You might have noticed that the previous release added profiles as a new feature. We didn’t discuss it much then because there were no profile implementations available at that time. It was just the ODB compiler infrastructure that we were preparing for the first profile implementation. Well, the 1.2.0 release adds the first profile implementation to ODB: the Boost profile.

ODB profiles are a generic mechanism for integrating ODB with widely-used C++ frameworks and libraries. A profile provides glue code which allows us to seamlessly persist various components, such as smart pointers, containers, and value types found in these frameworks and libraries.

In this initial release the Boost profile covers the most commonly used types from the smart_ptr, unordered, and date_time Boost libraries. For example, now we can write:

#pragma db object
class employee
{
  ...
 
  boost::gregorian::date born_;
  boost::unordered_set<std::string> emails_;
  boost::shared_ptr<employer> employer_;
};

As is evident from the code fragment above, we don’t need to do anything special to use Boost types in our persistent classes. Are there any other actions that we need to perform for the above code to work?

As mentioned above, ODB profiles are a generic mechanism that can be used to integrate ODB with a type-system of any third-party library.

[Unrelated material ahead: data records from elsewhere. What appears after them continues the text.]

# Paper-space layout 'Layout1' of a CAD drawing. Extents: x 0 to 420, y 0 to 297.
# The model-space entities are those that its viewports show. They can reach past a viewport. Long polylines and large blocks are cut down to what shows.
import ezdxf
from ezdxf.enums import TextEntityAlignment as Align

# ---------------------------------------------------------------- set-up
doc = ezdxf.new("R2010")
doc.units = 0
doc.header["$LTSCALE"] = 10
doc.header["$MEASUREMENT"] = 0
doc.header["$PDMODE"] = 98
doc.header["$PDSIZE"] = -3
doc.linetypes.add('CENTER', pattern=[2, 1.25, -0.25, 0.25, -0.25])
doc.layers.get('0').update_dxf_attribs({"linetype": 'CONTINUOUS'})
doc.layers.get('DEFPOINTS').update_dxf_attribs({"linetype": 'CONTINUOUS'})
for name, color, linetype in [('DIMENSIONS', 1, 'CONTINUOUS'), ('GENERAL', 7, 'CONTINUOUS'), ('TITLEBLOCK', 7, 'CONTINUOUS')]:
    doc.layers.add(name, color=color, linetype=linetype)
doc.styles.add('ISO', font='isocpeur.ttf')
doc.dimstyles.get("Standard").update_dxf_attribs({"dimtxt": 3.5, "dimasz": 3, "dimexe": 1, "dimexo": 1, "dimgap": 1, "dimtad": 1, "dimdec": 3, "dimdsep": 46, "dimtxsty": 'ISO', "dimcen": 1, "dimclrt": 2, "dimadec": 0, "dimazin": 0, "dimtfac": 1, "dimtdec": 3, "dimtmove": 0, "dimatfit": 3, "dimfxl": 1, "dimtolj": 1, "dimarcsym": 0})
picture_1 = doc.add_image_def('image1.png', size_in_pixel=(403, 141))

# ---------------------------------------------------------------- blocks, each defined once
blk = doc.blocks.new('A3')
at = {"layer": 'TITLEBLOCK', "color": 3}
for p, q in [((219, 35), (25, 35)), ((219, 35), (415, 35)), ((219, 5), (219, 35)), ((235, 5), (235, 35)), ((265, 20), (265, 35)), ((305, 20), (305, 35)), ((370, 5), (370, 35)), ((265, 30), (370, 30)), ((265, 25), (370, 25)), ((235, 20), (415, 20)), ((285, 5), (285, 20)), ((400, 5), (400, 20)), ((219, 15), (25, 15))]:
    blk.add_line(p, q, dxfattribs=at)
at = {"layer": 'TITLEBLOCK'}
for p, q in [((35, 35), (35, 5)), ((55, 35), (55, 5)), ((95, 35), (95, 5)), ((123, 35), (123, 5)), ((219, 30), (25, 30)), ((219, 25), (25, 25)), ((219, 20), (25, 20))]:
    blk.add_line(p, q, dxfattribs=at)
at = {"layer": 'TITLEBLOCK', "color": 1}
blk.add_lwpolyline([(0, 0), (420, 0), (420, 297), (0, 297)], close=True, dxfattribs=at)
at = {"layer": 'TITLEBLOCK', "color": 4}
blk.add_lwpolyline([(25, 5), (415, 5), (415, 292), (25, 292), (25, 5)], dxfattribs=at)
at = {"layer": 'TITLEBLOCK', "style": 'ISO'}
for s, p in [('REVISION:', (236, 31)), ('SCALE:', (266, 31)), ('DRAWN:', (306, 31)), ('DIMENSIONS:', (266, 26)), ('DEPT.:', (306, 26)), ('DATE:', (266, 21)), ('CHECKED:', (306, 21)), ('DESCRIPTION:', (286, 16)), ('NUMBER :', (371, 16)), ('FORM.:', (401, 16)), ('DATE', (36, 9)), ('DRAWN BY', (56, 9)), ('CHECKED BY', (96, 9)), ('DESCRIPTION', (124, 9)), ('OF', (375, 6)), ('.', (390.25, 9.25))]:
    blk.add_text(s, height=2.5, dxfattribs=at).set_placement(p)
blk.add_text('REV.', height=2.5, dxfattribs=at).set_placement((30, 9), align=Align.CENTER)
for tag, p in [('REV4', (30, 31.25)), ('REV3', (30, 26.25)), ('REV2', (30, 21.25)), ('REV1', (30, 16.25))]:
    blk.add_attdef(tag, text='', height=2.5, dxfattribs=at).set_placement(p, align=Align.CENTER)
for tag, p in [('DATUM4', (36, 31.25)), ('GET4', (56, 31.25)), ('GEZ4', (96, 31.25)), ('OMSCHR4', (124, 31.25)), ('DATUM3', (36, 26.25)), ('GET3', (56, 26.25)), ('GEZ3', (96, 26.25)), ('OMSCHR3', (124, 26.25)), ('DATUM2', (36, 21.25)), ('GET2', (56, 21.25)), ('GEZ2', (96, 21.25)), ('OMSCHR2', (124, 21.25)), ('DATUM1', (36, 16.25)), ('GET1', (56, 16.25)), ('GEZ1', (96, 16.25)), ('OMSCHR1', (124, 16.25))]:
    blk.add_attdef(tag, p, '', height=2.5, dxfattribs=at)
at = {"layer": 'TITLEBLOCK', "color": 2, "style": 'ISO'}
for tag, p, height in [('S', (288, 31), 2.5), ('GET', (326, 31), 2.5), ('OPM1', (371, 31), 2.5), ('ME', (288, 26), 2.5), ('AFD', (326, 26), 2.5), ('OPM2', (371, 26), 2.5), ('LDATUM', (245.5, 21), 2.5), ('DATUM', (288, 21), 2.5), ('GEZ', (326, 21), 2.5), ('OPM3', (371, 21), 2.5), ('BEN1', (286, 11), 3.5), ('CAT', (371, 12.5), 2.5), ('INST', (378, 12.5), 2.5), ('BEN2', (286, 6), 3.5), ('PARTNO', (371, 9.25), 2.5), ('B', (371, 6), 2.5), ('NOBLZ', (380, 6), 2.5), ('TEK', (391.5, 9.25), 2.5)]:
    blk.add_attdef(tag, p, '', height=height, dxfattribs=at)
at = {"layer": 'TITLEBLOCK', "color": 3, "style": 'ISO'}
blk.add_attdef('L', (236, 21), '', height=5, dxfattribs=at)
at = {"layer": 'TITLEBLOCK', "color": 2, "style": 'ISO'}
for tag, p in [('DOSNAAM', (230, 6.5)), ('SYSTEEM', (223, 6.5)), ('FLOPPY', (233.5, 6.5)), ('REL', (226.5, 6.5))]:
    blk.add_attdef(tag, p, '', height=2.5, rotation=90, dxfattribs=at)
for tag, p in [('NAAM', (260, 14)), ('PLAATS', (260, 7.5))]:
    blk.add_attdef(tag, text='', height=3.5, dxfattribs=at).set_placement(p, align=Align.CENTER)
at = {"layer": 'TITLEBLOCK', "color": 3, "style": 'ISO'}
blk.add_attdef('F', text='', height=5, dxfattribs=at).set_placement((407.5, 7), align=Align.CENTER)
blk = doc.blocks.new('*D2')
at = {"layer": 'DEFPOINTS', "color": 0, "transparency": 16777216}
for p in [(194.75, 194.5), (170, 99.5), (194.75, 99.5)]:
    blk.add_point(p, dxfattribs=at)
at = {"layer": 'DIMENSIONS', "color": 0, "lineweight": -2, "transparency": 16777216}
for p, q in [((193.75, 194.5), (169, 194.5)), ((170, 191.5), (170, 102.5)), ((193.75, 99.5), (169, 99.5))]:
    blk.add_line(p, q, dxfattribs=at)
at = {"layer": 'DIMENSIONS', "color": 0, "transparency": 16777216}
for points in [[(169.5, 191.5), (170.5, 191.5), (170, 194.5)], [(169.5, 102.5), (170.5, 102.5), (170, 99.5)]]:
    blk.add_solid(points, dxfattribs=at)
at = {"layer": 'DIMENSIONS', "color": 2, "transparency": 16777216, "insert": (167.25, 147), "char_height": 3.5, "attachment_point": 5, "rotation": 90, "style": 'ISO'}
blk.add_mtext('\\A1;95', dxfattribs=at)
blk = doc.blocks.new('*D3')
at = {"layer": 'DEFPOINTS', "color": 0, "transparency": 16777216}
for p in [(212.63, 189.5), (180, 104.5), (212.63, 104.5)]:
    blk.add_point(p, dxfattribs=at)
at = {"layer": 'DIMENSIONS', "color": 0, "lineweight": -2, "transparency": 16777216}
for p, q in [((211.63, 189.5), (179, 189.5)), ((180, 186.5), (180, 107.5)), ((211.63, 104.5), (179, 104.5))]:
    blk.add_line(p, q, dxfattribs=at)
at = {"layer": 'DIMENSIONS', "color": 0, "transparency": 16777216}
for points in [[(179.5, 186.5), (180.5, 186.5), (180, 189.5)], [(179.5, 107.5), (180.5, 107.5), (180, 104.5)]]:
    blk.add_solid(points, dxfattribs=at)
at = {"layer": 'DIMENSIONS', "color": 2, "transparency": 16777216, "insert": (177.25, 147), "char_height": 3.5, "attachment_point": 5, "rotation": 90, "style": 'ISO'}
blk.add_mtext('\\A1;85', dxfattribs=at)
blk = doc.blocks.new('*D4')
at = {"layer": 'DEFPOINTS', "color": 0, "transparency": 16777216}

For example, we are currently working on another profile, this time for the Qt framework. So the ODB compiler and its runtime library don’t know anything about, say, Boost or Qt. Rather, they provide general integration support. The code that is necessary to implement a profile is packaged into a separate library called a profile library. The Boost profile implementation is provided by the libodb-boost profile library.

Now, back to our question. What do we need to do to be able to write the above code in an application that uses ODB? There are three simple steps:

  1. Download and build the profile library.
  2. Specify the profile you would like to use when invoking the ODB compiler. For example:
    odb -d mysql --profile boost employee.hxx
    
  3. Link the profile library to your application.

And that’s it. That’s all we need to do. For more detailed information on ODB profiles in general refer to Chapter 11, “Profiles Introduction” in the ODB Manual. For more information on the Boost profile see Chapter 12, “Boost Profile”.

Embedded database schema

ODB now supports embedding the database schema into the generated C++ code in addition to generating the schema as a standalone SQL file. The new ODB compiler option that allows you to select between the two approaches is --schema-format. For example:

odb -d mysql --generate-schema --schema-format embedded ...

The API usage for creating the database schema from within the application looks like this:

#include <odb/schema-catalog.hxx>
 
database& db = ...
 
transaction t (db.begin ());
schema_catalog::create_schema (db);
t.commit ();

For more details refer to Section 3.3, “Database” in the ODB Manual as well as the schema/embedded example in the odb-examples package.

There are also other important features in this release, including, transparent database reconnection, recoverable exceptions (connection_lost, timeout, and deadlock), and support for the default ODB compiler options file which can be used for installation-wide customizations. Refer to the official ODB 1.2.0 release announcement for more details on these and other features.